Man betont, das sich mit diesem Kühlkonzept stabile  maximale Taktraten erzielen lassen.

All das kommt dann in der Ultimate Serie U505 (15,6") und U705 (17,3")  mit Intels Z-97-Desktop-Chip zum tragen.

Als vernünftige Option, entgegen dem sich ausweitenden Trend der Festverlötung der CPU+GPU in "Brotscheibengehäusen", gesellt sich weiterhin die Möglichkeit angebotene diverse CPU (für Sockel 1150) und GPU (auf MXM-Modul) auszutauschen, so das sich weiterhin eine individuelle Konfiguration der Hardware verwirklichen läßt.

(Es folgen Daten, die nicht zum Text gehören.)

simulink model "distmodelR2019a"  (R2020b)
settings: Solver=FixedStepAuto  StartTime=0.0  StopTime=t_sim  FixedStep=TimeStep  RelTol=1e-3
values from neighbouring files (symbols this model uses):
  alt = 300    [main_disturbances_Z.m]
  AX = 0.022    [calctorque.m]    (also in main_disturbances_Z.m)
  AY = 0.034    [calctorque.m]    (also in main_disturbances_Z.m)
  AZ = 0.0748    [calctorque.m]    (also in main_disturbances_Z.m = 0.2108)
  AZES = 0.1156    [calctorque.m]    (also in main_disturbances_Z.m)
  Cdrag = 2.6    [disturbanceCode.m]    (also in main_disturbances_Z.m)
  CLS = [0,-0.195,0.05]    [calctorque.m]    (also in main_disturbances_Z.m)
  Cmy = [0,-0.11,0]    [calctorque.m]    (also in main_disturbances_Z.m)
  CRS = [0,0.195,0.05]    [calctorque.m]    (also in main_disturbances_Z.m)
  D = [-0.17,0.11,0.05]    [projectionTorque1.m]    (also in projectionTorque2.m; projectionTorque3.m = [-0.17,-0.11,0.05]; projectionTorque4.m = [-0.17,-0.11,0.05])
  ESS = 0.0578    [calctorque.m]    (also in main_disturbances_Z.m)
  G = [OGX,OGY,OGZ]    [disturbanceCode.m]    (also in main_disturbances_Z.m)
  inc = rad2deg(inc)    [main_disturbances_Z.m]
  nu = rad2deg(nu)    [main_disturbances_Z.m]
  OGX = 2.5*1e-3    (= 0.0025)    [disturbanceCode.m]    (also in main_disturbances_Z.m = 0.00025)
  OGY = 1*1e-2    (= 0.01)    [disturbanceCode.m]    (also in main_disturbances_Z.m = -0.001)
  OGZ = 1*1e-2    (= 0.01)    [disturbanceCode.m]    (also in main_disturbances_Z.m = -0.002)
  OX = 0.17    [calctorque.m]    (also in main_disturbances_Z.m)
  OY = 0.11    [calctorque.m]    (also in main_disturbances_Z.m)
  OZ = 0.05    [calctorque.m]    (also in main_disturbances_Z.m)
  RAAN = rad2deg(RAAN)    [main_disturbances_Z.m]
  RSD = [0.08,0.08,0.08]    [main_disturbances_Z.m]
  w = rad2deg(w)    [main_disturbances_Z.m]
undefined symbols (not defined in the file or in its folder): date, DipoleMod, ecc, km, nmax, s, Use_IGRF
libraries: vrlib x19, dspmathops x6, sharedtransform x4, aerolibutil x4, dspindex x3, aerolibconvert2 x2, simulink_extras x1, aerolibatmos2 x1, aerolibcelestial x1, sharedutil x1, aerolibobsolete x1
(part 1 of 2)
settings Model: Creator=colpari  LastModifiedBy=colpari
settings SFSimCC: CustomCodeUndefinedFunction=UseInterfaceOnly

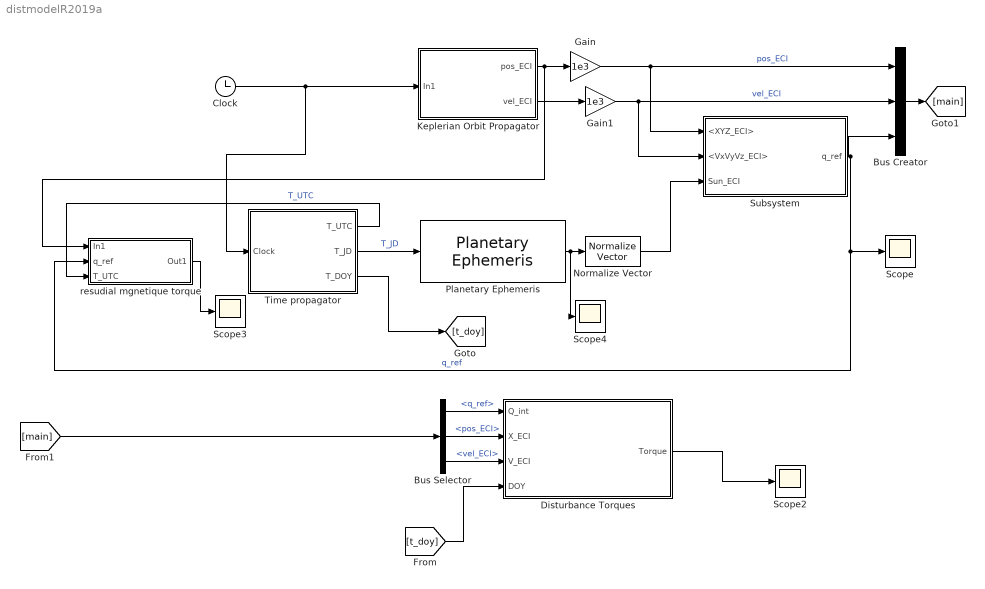
== system distmodelR2019a ==
  Bus Creator : BusCreator  Inputs=3
  Bus Selector : BusSelector  OutputSignals=q_ref,pos_ECI,vel_ECI
  Clock : Clock
  "Disturbance Torques " : Subsystem
  Gain : Gain  Gain=1e3
  Gain1 : Gain  Gain=1e3
  Keplerian Orbit Propagator : Subsystem
  Normalize Vector : vrlib/Utilities/Normalize Vector  maxzero=0
  Planetary Ephemeris : aerolibcelestial/Planetary Ephemeris  kmflag=km,km/s  epochflag=Julian date  de=DE405  nCenter=Earth  nTarget=Sun  errorflag=Error  velflag=off
      settings: SourceProductBaseCode=AE
  Scope{,2..4} (4 alike) : Scope
  Subsystem : Subsystem
  Time propagator : Subsystem
  "resudial mgnetique torque " : Subsystem
  wires:
  [t_doy] -> "Disturbance Torques "/4(DOY)
  "Disturbance Torques "/1("Torque ") -> Scope2/1
  Clock/1 -> Keplerian Orbit Propagator/1(In1), Time propagator/1(Clock)
  Keplerian Orbit Propagator/2(vel_ECI) -> Gain1/1
  Planetary Ephemeris/1 -> Scope4/1, Normalize Vector/1
  Normalize Vector/1 -> Subsystem/3(Sun_ECI)
  Time propagator/2(T_JD) -> Planetary Ephemeris/1  "T_JD"
  Subsystem/1(q_ref) -> Bus Creator/3, "resudial mgnetique torque "/2(q_ref), Scope/1  "q_ref"
  Time propagator/3(T_DOY) -> [t_doy]
  Bus Creator/1 -> [main]
  Time propagator/1(T_UTC) -> "resudial mgnetique torque "/3(T_UTC)  "T_UTC"
  [main] -> Bus Selector/1
  Gain/1 -> Subsystem/1(<XYZ_ECI>), Bus Creator/1  "pos_ECI"
  Gain1/1 -> Subsystem/2(<VxVyVz_ECI>), Bus Creator/2  "vel_ECI"
  Keplerian Orbit Propagator/1(pos_ECI) -> "resudial mgnetique torque "/1(In1), Gain/1
  "resudial mgnetique torque "/1(Out1) -> Scope3/1
  Bus Selector/1 -> "Disturbance Torques "/1("Q_int ")  "<q_ref>"
  Bus Selector/2 -> "Disturbance Torques "/2(X_ECI)  "<pos_ECI>"
  Bus Selector/3 -> "Disturbance Torques "/3(V_ECI)  "<vel_ECI>"

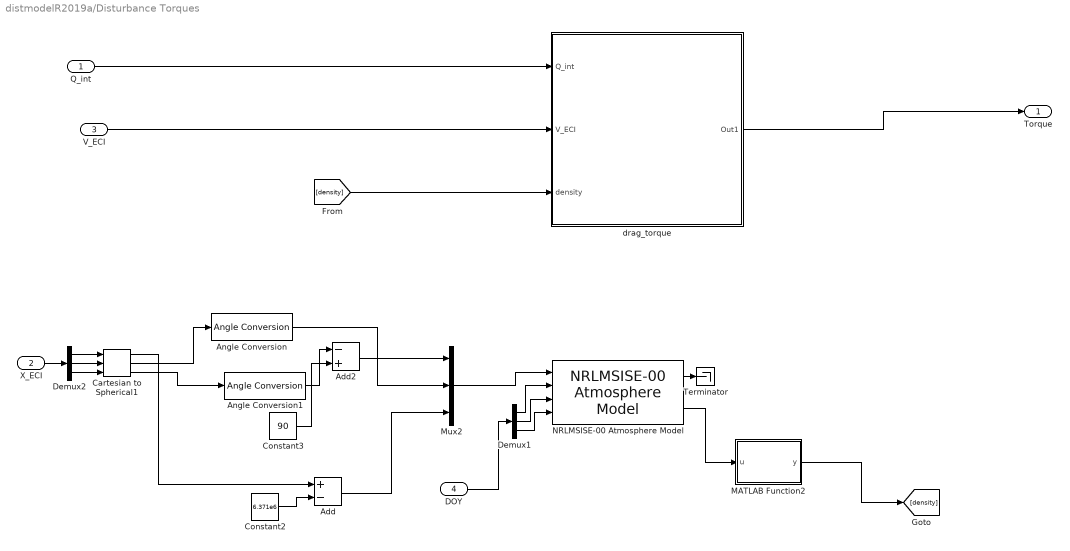
== system distmodelR2019a/Disturbance Torques  ==
  "Q_int " : Inport
  X_ECI : Inport  Port=2
  V_ECI : Inport  Port=3
  DOY : Inport  Port=4
  Add : Sum  Inputs=+-
  Add2 : Sum  Inputs=-+
  Angle Conversion : aerolibconvert2/Angle Conversion  IU=rad  OU=deg
  Angle Conversion1 : aerolibconvert2/Angle Conversion  IU=rad  OU=deg
  Cartesian to Spherical1 : simulink_extras/Transformations/Cartesian to Spherical
      settings: SourceProductBaseCode=SL
  Constant2 : Constant  Value=6.371e6
  Constant3 : Constant  Value=90
  Demux1 : Demux  Outputs=3
  Demux2 : Demux  Outputs=3
  MATLAB Function2 : MATLAB Function  TreatAsAtomicUnit=on
  Mux2 : Mux  Inputs=3
  NRLMSISE-00 Atmosphere Model : aerolibatmos2/NRLMSISE-00 Atmosphere Model  units=Metric (MKS)  lst_input=off  flux_ap_input=off  flags_input=Internal  flags=ones(1,23)  oxygen_in=on  action=Warning
      settings: SourceProductBaseCode=AE
  Terminator : Terminator
  drag_torque : Subsystem
  "Torque " : Outport
  wires:
  V_ECI/1 -> drag_torque/2(V_ECI)
  Demux1/1 -> NRLMSISE-00 Atmosphere Model/2
  Demux2/3 -> Cartesian to Spherical1/3
  Demux2/1 -> Cartesian to Spherical1/1
  Cartesian to Spherical1/1 -> Add/1
  Constant2/1 -> Add/2
  Demux2/2 -> Cartesian to Spherical1/2
  Demux1/2 -> NRLMSISE-00 Atmosphere Model/3
  NRLMSISE-00 Atmosphere Model/2 -> MATLAB Function2/1(u)
  MATLAB Function2/1(y) -> [density]
  Demux1/3 -> NRLMSISE-00 Atmosphere Model/4
  DOY/1 -> Demux1/1
  "Q_int "/1 -> drag_torque/1(Q_int)
  Mux2/1 -> NRLMSISE-00 Atmosphere Model/1
  Add/1 -> Mux2/3
  Cartesian to Spherical1/2 -> Angle Conversion/1
  Cartesian to Spherical1/3 -> Angle Conversion1/1
  Angle Conversion/1 -> Mux2/2
  Add2/1 -> Mux2/1
  Angle Conversion1/1 -> Add2/1
  Constant3/1 -> Add2/2
  NRLMSISE-00 Atmosphere Model/1 -> Terminator/1
  [density] -> drag_torque/3("density ")
  X_ECI/1 -> Demux2/1
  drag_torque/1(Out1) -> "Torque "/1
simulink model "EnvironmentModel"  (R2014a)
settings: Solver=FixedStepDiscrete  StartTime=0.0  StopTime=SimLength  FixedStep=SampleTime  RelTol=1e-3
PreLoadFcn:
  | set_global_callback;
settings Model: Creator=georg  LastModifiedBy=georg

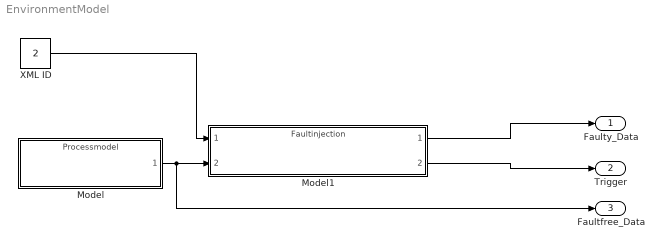
== system EnvironmentModel ==
  Model : ModelReference  ModelNameDialog=Processmodel.slx  SimulationMode=Normal  ModelReferenceVersion=1.12  CopyOfModelName=Processmodel.slx  DefaultDataLogging=on
  Model1 : ModelReference  ModelNameDialog=Faultinjection.slx  SimulationMode=Normal  ModelReferenceVersion=1.10  CopyOfModelName=Faultinjection.slx  DefaultDataLogging=on
  XML ID : Constant  Value=2  OutDataTypeStr=single
  Faulty_Data : Outport
  Trigger : Outport  Port=2
  Faultfree_Data : Outport  Port=3
  wires:
  Model/1 -> Faultfree_Data/1, Model1/2
  Model1/1 -> Faulty_Data/1
  XML ID/1 -> Model1/1
  Model1/2 -> Trigger/1

Die CPU-Palette umfaßt Intels Core i5/i7 (ohne K) i5-4460 S/ 4690 S und i7-4785 T/4790 S und T 

Die GPU-Palette beginnt  mit Nvidia's GTX 965M mit 4GB DDR5 und reicht bis zur GTX 980M mit 8GB DDR5. 
AMD-Grafik wird nicht angeboten!
Die GPU wird jedoch, auf Grund der nicht im öffentlichen Handel verfügbaren MXM-Module, auch nur von Schenker selbst ausgetauscht,  wenn man sich etwas mehr Performence wünscht, so das man sein geliebtes Gaming-Notebook einsenden muß. 
Es wird sich aber bald zeigen, das man in einschlägigen Portalen, auch die entsprechenden MXM-Module auffinden lassen, ohne dann den "zwingenden" Support seitens Schenker nutzen zu müßen.

Auf den Dauereinsatz des Netzteils wird man wohl nicht verzichten können, da sich Schenker gegen den Einsatz der Nvidia-Optimus-Option entschieden hat, da man sich konzeptionell auf Performence-Gaming festgelegt hat. 

Der Arbeitsspeicher läßt sich bis zu max. 32GB erweitern. 
Dazu stehen jeweils 4 SO-Dimm Slots zu Verfügung die bis zu 1866Mhz DDR3 aufnehmen. 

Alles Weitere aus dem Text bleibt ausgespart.